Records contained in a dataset
▬▬▬▬▬▬▬▬▬▬

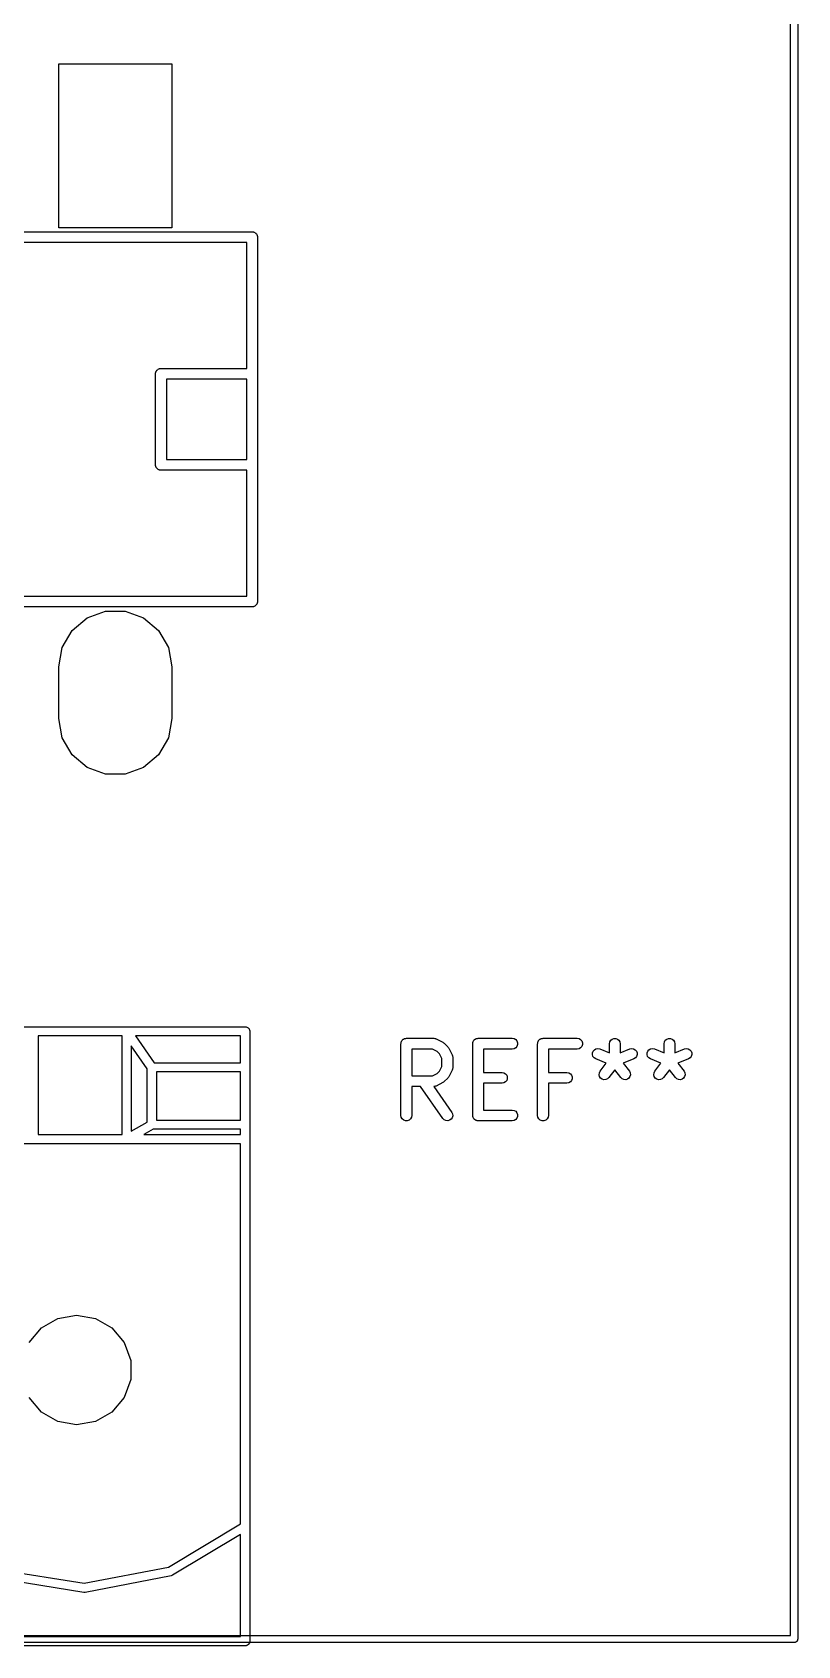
# Model space of a CAD drawing. Extents: x 10 to 287, y -200 to -10.
# Drawn here: x 201.38 to 212.05, y -130.09 to -107.61 of the extents above; entities that cross this region are included whole.
import ezdxf

# ---------------------------------------------------------------- set-up
doc = ezdxf.new("R2010")
doc.units = 0
doc.header["$MEASUREMENT"] = 0
doc.layers.add('BLACK', color=7, linetype='CONTINUOUS')

msp = doc.modelspace()

# ---------------------------------------------------------------- linework, layer by layer
at = {"layer": 'Black'}
for p, q in [((211.95, -129.95), (211.95, -30.05)), ((212.05, -30), (212.05, -130)), ((201.753, -110.333), (201.753, -108.047)), ((201.753, -108.047), (203.327, -108.047)), ((203.327, -108.047), (203.327, -110.333)), ((195.555, -110.385), (204.445, -110.385)), ((203.327, -110.333), (201.753, -110.333)), ((204.445, -110.385), (204.451, -110.386)), ((204.451, -110.386), (204.458, -110.386)), ((204.458, -110.386), (204.464, -110.388)), ((204.464, -110.388), (204.471, -110.39)), ((204.471, -110.39), (204.476, -110.393)), ((204.476, -110.393), (204.482, -110.395)), ((204.482, -110.395), (204.488, -110.399)), ((204.488, -110.399), (204.493, -110.403)), ((204.493, -110.403), (204.497, -110.408)), ((204.497, -110.408), (204.502, -110.412)), ((204.502, -110.412), (204.506, -110.417)), ((204.37, -110.535), (195.63, -110.535)), ((204.37, -112.29), (204.37, -110.535)), ((204.506, -110.417), (204.51, -110.422)), ((204.51, -110.422), (204.512, -110.429)), ((204.512, -110.429), (204.515, -110.434)), ((204.515, -110.434), (204.517, -110.441)), ((204.517, -110.441), (204.519, -110.447)), ((204.519, -110.447), (204.519, -110.454)), ((204.519, -110.454), (204.52, -110.46)), ((204.52, -110.46), (204.52, -115.54)), ((203.1, -112.365), (203.101, -112.359)), ((203.1, -113.635), (203.1, -112.365)), ((203.101, -112.352), (203.103, -112.346)), ((203.101, -112.359), (203.101, -112.352)), ((203.103, -112.346), (203.105, -112.339)), ((203.105, -112.339), (203.108, -112.334)), ((203.108, -112.334), (203.11, -112.328)), ((203.11, -112.328), (203.114, -112.322)), ((203.114, -112.322), (203.118, -112.317)), ((203.118, -112.317), (203.123, -112.313)), ((203.123, -112.313), (203.127, -112.308)), ((203.127, -112.308), (203.132, -112.304)), ((203.132, -112.304), (203.137, -112.3)), ((203.137, -112.3), (203.144, -112.298)), ((203.144, -112.298), (203.149, -112.295)), ((203.149, -112.295), (203.156, -112.293)), ((203.156, -112.293), (203.162, -112.291)), ((203.162, -112.291), (203.169, -112.291)), ((203.169, -112.291), (203.175, -112.29)), ((203.175, -112.29), (204.37, -112.29)), ((203.25, -112.44), (203.25, -113.56)), ((204.37, -112.44), (203.25, -112.44)), ((204.37, -113.56), (204.37, -112.44)), ((203.25, -113.56), (204.37, -113.56)), ((203.101, -113.641), (203.1, -113.635)), ((203.101, -113.648), (203.101, -113.641)), ((203.103, -113.654), (203.101, -113.648)), ((203.105, -113.661), (203.103, -113.654)), ((203.108, -113.666), (203.105, -113.661)), ((203.11, -113.672), (203.108, -113.666)), ((203.114, -113.678), (203.11, -113.672)), ((203.118, -113.683), (203.114, -113.678)), ((203.123, -113.687), (203.118, -113.683)), ((203.127, -113.692), (203.123, -113.687)), ((203.132, -113.696), (203.127, -113.692)), ((203.137, -113.7), (203.132, -113.696)), ((203.144, -113.702), (203.137, -113.7)), ((203.149, -113.705), (203.144, -113.702)), ((203.156, -113.707), (203.149, -113.705)), ((203.162, -113.709), (203.156, -113.707)), ((203.169, -113.709), (203.162, -113.709)), ((203.175, -113.71), (203.169, -113.709)), ((204.37, -113.71), (203.175, -113.71)), ((204.37, -115.465), (204.37, -113.71)), ((195.63, -115.465), (204.37, -115.465)), ((204.506, -115.583), (204.502, -115.588)), ((204.51, -115.578), (204.506, -115.583)), ((204.512, -115.571), (204.51, -115.578)), ((204.515, -115.566), (204.512, -115.571)), ((204.517, -115.559), (204.515, -115.566)), ((204.519, -115.553), (204.517, -115.559)), ((204.52, -115.54), (204.519, -115.546)), ((204.519, -115.546), (204.519, -115.553)), ((204.445, -115.615), (195.555, -115.615)), ((201.937, -115.944), (202.146, -115.768)), ((202.146, -115.768), (202.403, -115.675)), ((202.403, -115.675), (202.677, -115.675)), ((202.677, -115.675), (202.934, -115.768)), ((202.934, -115.768), (203.143, -115.944)), ((204.451, -115.614), (204.445, -115.615)), ((204.458, -115.614), (204.451, -115.614)), ((204.464, -115.612), (204.458, -115.614)), ((204.471, -115.61), (204.464, -115.612)), ((204.476, -115.607), (204.471, -115.61)), ((204.482, -115.605), (204.476, -115.607)), ((204.488, -115.601), (204.482, -115.605)), ((204.493, -115.597), (204.488, -115.601)), ((204.497, -115.592), (204.493, -115.597)), ((204.502, -115.588), (204.497, -115.592)), ((201.8, -116.181), (201.937, -115.944)), ((203.143, -115.944), (203.28, -116.181)), ((201.753, -116.45), (201.8, -116.181)), ((203.28, -116.181), (203.327, -116.45)), ((201.753, -117.17), (201.753, -116.45)), ((203.327, -116.45), (203.327, -117.17)), ((201.8, -117.439), (201.753, -117.17)), ((203.327, -117.17), (203.28, -117.439)), ((201.937, -117.676), (201.8, -117.439)), ((203.28, -117.439), (203.143, -117.676)), ((202.146, -117.852), (201.937, -117.676)), ((203.143, -117.676), (202.934, -117.852)), ((202.403, -117.945), (202.146, -117.852)), ((202.677, -117.945), (202.403, -117.945)), ((202.934, -117.852), (202.677, -117.945)), ((200.949, -121.468), (201.402, -121.468)), ((201.402, -121.468), (202.698, -121.468)), ((201.466, -121.594), (201.466, -122.969)), ((202.634, -121.594), (201.466, -121.594)), ((202.634, -122.969), (202.634, -121.594)), ((202.698, -121.468), (204.339, -121.468)), ((202.82, -121.594), (203.081, -121.968)), ((204.286, -121.594), (202.82, -121.594)), ((204.286, -121.968), (204.286, -121.594)), ((204.339, -121.468), (204.339, -121.467)), ((204.339, -121.467), (204.361, -121.467)), ((204.361, -121.467), (204.372, -121.471)), ((204.372, -121.471), (204.372, -121.471)), ((204.372, -121.471), (204.372, -121.471)), ((204.372, -121.471), (204.382, -121.475)), ((204.382, -121.475), (204.39, -121.482)), ((204.39, -121.482), (204.391, -121.482)), ((204.391, -121.482), (204.392, -121.483)), ((204.392, -121.483), (204.399, -121.489)), ((204.399, -121.489), (204.403, -121.497)), ((204.403, -121.497), (204.405, -121.499)), ((204.405, -121.499), (204.406, -121.502)), ((204.406, -121.502), (204.41, -121.508)), ((204.41, -121.508), (204.411, -121.516)), ((204.411, -121.516), (204.413, -121.52)), ((204.413, -121.52), (204.413, -121.525)), ((204.413, -121.525), (204.413, -121.53)), ((204.413, -121.53), (204.413, -130.03)), ((206.535, -121.659), (206.538, -121.654)), ((206.538, -121.654), (206.543, -121.649)), ((206.543, -121.649), (206.547, -121.644)), ((206.547, -121.644), (206.553, -121.641)), ((206.553, -121.641), (206.558, -121.637)), ((206.558, -121.637), (206.564, -121.635)), ((206.564, -121.635), (206.57, -121.631)), ((206.57, -121.631), (206.576, -121.63)), ((206.576, -121.63), (206.582, -121.628)), ((206.582, -121.628), (206.589, -121.628)), ((206.589, -121.628), (206.595, -121.627)), ((206.595, -121.627), (206.976, -121.627)), ((206.976, -121.627), (206.98, -121.628)), ((206.98, -121.628), (206.985, -121.627)), ((206.985, -121.627), (206.993, -121.63)), ((206.993, -121.63), (207.002, -121.631)), ((207.002, -121.631), (207.006, -121.634)), ((207.006, -121.634), (207.01, -121.635)), ((207.01, -121.635), (207.105, -121.682)), ((207.535, -121.659), (207.538, -121.654)), ((207.538, -121.654), (207.543, -121.649)), ((207.543, -121.649), (207.547, -121.644)), ((207.547, -121.644), (207.553, -121.641)), ((207.553, -121.641), (207.558, -121.637)), ((207.558, -121.637), (207.564, -121.635)), ((207.564, -121.635), (207.57, -121.631)), ((207.57, -121.631), (207.576, -121.63)), ((207.576, -121.63), (207.582, -121.628)), ((207.582, -121.628), (207.589, -121.628)), ((207.589, -121.628), (207.595, -121.627)), ((207.595, -121.627), (208.071, -121.627)), ((208.071, -121.627), (208.097, -121.631)), ((208.097, -121.631), (208.12, -121.644)), ((208.12, -121.644), (208.136, -121.664)), ((208.439, -121.659), (208.443, -121.654)), ((208.443, -121.654), (208.448, -121.649)), ((208.448, -121.649), (208.452, -121.644)), ((208.452, -121.644), (208.457, -121.641)), ((208.457, -121.641), (208.462, -121.637)), ((208.462, -121.637), (208.469, -121.635)), ((208.469, -121.635), (208.474, -121.631)), ((208.474, -121.631), (208.481, -121.63)), ((208.481, -121.63), (208.487, -121.628)), ((208.487, -121.628), (208.494, -121.628)), ((208.494, -121.628), (208.5, -121.627)), ((208.5, -121.627), (208.976, -121.627)), ((208.976, -121.627), (209.002, -121.631)), ((209.002, -121.631), (209.024, -121.644)), ((209.024, -121.644), (209.041, -121.664)), ((209.43, -121.676), (209.443, -121.654)), ((209.443, -121.654), (209.462, -121.637)), ((209.462, -121.637), (209.487, -121.628)), ((209.487, -121.628), (209.513, -121.628)), ((209.513, -121.628), (209.537, -121.637)), ((209.537, -121.637), (209.557, -121.654)), ((209.557, -121.654), (209.57, -121.676)), ((210.191, -121.676), (210.204, -121.654)), ((210.204, -121.654), (210.224, -121.637)), ((210.224, -121.637), (210.249, -121.628)), ((210.249, -121.628), (210.275, -121.628)), ((210.275, -121.628), (210.299, -121.637)), ((210.299, -121.637), (210.319, -121.654)), ((210.319, -121.654), (210.332, -121.676)), ((202.985, -122.051), (202.761, -121.732)), ((202.761, -121.732), (202.761, -122.923)), ((206.52, -121.702), (206.521, -121.695)), ((206.52, -122.702), (206.52, -121.702)), ((206.521, -121.689), (206.524, -121.683)), ((206.521, -121.695), (206.521, -121.689)), ((206.524, -121.683), (206.525, -121.676)), ((206.525, -121.676), (206.528, -121.671)), ((206.528, -121.671), (206.53, -121.664)), ((206.53, -121.664), (206.535, -121.659)), ((206.67, -121.777), (206.67, -122.151)), ((206.958, -121.777), (206.67, -121.777)), ((207.027, -121.811), (206.958, -121.777)), ((207.057, -121.842), (207.027, -121.811)), ((207.092, -121.91), (207.057, -121.842)), ((207.105, -121.682), (207.115, -121.69)), ((207.115, -121.69), (207.124, -121.696)), ((207.124, -121.696), (207.172, -121.744)), ((207.172, -121.744), (207.179, -121.754)), ((207.179, -121.754), (207.186, -121.764)), ((207.186, -121.764), (207.234, -121.859)), ((207.234, -121.859), (207.235, -121.863)), ((207.235, -121.863), (207.237, -121.867)), ((207.237, -121.867), (207.239, -121.875)), ((207.239, -121.875), (207.241, -121.884)), ((207.52, -121.702), (207.521, -121.695)), ((207.52, -122.702), (207.52, -121.702)), ((207.521, -121.689), (207.524, -121.683)), ((207.521, -121.695), (207.521, -121.689)), ((207.524, -121.683), (207.525, -121.676)), ((207.525, -121.676), (207.528, -121.671)), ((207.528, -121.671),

▬▬▬▬▬▬▬▬▬▬

→ DESCRIPTION OF THE TASK
Write down again, exactly as given, only the lines above that fall from the line with "# Drawn here: x" to the line with "msp = doc.modelspace()", inclusive.

→ WORKED SOLUTION
# Drawn here: x 201.38 to 212.05, y -130.09 to -107.61 of the extents above; entities that cross this region are included whole.
import ezdxf

# ---------------------------------------------------------------- set-up
doc = ezdxf.new("R2010")
doc.units = 0
doc.header["$MEASUREMENT"] = 0
doc.layers.add('BLACK', color=7, linetype='CONTINUOUS')

msp = doc.modelspace()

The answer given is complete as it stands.